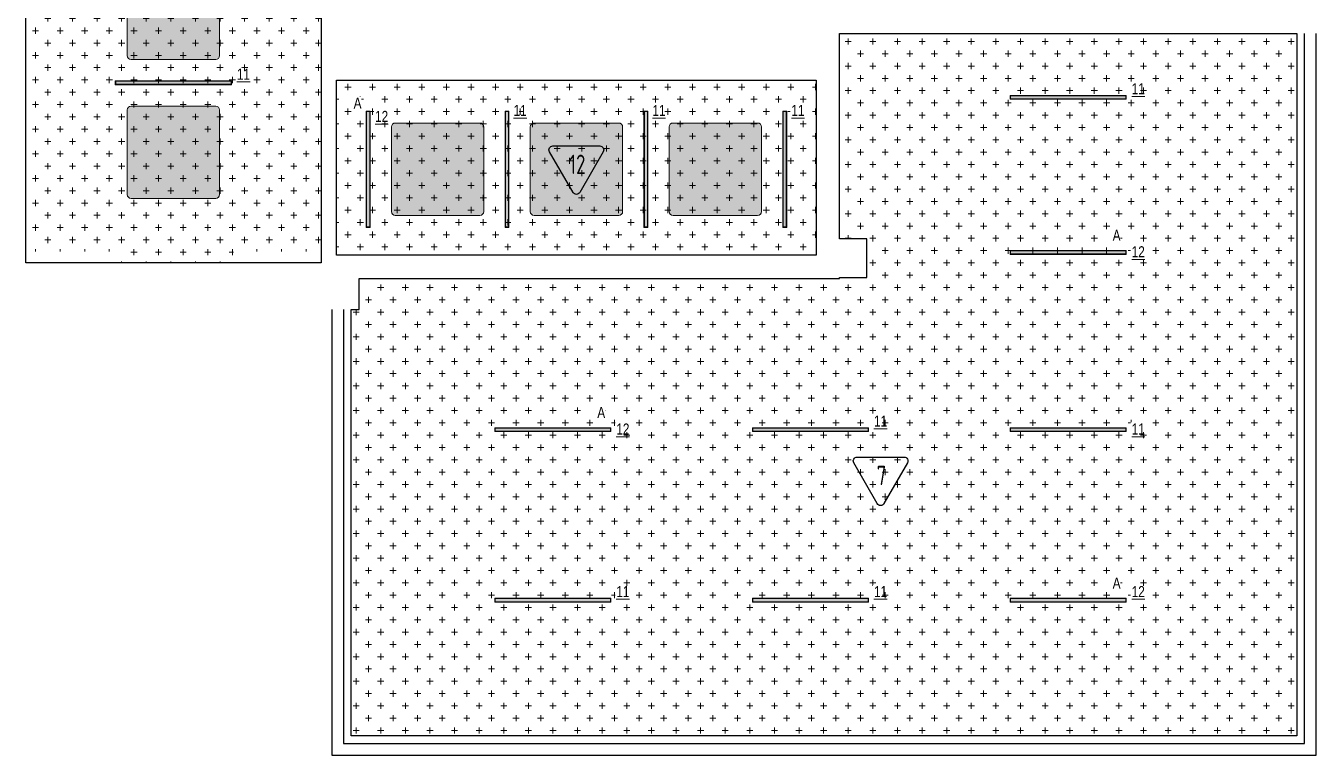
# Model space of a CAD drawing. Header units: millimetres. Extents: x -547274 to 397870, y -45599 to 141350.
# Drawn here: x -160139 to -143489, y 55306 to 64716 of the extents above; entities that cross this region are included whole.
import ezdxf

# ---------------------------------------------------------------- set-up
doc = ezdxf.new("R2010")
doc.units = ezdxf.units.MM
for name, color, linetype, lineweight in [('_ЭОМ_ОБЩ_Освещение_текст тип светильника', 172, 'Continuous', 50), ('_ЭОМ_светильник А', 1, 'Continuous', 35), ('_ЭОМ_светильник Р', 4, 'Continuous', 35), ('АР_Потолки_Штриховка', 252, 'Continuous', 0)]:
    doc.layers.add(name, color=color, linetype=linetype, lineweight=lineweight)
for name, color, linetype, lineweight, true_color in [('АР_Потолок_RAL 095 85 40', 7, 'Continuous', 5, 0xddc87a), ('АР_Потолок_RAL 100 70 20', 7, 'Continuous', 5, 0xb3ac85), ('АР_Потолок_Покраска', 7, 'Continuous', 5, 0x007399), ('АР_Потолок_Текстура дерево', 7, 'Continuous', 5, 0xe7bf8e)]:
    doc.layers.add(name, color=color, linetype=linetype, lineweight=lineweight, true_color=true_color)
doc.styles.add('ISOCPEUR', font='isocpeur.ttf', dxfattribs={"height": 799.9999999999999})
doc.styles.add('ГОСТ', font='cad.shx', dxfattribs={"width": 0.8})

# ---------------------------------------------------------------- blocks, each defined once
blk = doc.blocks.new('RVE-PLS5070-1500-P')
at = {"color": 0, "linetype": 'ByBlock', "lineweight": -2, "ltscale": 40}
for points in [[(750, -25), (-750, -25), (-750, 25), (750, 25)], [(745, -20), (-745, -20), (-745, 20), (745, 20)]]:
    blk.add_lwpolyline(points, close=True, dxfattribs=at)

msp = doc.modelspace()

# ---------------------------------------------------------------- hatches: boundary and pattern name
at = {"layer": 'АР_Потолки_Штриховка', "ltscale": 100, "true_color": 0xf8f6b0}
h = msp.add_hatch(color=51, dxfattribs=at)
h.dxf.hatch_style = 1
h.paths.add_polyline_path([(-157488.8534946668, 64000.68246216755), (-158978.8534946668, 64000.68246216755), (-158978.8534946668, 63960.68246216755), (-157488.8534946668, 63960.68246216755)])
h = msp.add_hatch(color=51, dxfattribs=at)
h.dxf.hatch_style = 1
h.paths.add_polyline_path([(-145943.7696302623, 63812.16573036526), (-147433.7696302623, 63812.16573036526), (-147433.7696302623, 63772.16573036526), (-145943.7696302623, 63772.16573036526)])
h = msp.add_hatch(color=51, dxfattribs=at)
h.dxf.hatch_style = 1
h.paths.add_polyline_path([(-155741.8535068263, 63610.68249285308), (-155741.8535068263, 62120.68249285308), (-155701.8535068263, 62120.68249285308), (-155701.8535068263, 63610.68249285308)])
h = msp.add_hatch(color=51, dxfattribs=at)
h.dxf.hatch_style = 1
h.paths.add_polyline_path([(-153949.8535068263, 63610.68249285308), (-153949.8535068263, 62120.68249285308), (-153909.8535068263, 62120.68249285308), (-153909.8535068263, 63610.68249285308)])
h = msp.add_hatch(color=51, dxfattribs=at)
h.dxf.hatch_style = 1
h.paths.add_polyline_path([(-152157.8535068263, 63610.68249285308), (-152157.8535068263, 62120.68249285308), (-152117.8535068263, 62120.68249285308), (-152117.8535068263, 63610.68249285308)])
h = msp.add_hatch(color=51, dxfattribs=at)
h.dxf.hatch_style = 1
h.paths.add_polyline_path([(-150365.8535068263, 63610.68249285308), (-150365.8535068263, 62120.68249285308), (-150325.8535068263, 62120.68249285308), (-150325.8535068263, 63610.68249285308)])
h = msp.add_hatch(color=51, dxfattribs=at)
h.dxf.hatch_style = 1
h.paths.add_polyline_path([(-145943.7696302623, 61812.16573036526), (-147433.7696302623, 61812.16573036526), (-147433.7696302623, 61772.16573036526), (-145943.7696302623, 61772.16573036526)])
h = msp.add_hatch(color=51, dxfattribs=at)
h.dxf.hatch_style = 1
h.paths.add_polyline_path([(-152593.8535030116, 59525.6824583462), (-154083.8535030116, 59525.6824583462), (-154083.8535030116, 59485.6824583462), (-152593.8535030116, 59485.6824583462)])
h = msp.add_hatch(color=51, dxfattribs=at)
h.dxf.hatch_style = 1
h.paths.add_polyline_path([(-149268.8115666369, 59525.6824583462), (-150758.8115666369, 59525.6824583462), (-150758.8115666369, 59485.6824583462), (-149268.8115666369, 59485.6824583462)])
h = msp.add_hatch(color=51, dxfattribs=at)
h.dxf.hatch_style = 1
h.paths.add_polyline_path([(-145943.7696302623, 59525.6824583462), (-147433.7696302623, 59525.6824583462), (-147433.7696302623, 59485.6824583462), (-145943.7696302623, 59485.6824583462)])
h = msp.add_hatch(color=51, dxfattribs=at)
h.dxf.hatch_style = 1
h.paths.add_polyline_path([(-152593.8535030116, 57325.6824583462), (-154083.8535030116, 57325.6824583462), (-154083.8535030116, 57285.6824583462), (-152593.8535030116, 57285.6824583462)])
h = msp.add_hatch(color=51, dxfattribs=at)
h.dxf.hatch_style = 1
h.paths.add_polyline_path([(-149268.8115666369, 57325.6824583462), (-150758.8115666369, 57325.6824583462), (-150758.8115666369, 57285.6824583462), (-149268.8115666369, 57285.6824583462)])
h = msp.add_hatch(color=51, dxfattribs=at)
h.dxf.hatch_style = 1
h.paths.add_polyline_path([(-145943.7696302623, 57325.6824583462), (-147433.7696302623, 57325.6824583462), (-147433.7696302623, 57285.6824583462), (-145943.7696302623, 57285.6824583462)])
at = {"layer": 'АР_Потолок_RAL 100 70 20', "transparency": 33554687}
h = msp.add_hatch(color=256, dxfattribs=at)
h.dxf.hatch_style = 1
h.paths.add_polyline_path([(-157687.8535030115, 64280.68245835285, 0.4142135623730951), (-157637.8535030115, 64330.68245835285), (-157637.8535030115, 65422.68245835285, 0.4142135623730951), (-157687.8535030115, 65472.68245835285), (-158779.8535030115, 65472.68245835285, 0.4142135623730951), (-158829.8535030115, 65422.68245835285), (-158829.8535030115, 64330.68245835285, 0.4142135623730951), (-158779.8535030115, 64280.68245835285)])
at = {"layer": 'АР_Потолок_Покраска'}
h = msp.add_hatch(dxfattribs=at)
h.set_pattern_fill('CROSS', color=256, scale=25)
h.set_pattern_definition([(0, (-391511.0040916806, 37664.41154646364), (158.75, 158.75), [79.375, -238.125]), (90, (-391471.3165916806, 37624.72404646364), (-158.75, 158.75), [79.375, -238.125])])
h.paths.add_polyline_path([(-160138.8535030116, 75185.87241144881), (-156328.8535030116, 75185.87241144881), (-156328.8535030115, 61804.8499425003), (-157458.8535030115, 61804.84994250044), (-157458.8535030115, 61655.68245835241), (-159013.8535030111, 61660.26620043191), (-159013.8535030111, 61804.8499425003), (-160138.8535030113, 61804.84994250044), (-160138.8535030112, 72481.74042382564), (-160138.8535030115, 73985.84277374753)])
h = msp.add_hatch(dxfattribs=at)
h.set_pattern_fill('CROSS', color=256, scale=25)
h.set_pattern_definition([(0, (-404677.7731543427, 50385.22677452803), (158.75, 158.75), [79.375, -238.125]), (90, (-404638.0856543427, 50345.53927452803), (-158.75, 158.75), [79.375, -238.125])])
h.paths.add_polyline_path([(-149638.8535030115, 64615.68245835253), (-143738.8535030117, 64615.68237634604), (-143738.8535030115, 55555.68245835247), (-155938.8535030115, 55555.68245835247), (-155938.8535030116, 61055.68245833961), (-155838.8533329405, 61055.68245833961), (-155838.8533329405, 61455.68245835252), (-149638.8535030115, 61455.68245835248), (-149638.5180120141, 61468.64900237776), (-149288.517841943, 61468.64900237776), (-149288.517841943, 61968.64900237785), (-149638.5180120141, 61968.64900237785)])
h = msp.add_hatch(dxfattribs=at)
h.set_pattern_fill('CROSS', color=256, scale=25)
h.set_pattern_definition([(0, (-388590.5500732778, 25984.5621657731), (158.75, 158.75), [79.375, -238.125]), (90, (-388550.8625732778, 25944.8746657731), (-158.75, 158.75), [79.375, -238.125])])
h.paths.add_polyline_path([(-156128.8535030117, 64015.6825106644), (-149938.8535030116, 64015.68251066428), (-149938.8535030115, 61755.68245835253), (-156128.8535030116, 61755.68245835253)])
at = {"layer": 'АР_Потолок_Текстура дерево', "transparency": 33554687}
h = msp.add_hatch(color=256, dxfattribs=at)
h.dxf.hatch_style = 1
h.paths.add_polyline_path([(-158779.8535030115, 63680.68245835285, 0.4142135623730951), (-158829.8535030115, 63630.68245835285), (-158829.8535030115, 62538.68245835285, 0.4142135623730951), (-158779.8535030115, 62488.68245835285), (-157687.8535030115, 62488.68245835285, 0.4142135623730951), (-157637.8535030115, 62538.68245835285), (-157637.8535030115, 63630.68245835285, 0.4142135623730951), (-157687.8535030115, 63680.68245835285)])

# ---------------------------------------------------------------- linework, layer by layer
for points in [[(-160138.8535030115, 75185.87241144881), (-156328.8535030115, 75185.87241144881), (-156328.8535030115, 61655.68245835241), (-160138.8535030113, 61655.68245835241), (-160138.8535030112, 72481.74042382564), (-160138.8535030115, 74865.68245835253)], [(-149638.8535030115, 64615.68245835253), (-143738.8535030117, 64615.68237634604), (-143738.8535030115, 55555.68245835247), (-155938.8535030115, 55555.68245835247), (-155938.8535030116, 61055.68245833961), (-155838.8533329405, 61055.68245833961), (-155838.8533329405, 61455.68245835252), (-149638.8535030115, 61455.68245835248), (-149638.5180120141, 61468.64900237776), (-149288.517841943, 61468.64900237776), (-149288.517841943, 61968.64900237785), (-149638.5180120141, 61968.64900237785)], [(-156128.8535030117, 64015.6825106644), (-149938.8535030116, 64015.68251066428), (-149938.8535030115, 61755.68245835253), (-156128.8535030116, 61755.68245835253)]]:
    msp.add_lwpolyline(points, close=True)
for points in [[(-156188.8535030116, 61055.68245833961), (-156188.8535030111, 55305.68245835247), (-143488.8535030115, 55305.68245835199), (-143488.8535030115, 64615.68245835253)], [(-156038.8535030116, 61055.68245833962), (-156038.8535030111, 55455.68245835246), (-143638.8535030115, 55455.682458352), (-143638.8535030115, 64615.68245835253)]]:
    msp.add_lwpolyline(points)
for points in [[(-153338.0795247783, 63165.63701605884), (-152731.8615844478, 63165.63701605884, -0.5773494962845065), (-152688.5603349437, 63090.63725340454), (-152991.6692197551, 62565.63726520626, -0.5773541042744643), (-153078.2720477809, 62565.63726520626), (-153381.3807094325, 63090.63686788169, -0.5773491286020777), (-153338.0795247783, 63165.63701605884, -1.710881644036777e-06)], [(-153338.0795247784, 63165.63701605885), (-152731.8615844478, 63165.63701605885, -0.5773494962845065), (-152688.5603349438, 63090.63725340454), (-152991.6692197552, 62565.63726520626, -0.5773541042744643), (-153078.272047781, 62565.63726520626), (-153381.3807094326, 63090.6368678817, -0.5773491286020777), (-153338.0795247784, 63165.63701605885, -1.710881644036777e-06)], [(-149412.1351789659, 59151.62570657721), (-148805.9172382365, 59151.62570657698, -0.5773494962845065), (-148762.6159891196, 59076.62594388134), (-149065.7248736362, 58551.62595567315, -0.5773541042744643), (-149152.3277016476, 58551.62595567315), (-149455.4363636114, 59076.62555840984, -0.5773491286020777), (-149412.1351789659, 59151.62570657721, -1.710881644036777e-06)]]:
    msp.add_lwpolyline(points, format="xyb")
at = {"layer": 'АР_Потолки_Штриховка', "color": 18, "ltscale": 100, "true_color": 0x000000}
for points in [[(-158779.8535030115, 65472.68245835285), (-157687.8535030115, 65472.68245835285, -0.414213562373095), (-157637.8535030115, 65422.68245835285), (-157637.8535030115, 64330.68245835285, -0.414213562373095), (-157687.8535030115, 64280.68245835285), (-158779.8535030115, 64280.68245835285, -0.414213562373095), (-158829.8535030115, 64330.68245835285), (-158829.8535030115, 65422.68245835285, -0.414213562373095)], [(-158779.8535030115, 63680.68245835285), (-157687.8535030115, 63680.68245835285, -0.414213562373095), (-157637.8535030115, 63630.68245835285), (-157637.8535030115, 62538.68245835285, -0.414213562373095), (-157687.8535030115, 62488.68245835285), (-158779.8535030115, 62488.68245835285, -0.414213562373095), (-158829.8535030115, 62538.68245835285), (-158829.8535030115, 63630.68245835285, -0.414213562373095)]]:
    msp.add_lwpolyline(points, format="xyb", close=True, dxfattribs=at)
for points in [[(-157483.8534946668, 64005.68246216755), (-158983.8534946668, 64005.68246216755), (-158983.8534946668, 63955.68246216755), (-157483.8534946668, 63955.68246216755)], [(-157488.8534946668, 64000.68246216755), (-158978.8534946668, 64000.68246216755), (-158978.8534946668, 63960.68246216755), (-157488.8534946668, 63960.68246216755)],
━━━━━━━━━━━━━━━━
EXERCISE
The answer must be every line of the data that holds the word "format".

TASK RESULT
    msp.add_lwpolyline(points, format="xyb")
    msp.add_lwpolyline(points, format="xyb", close=True, dxfattribs=at)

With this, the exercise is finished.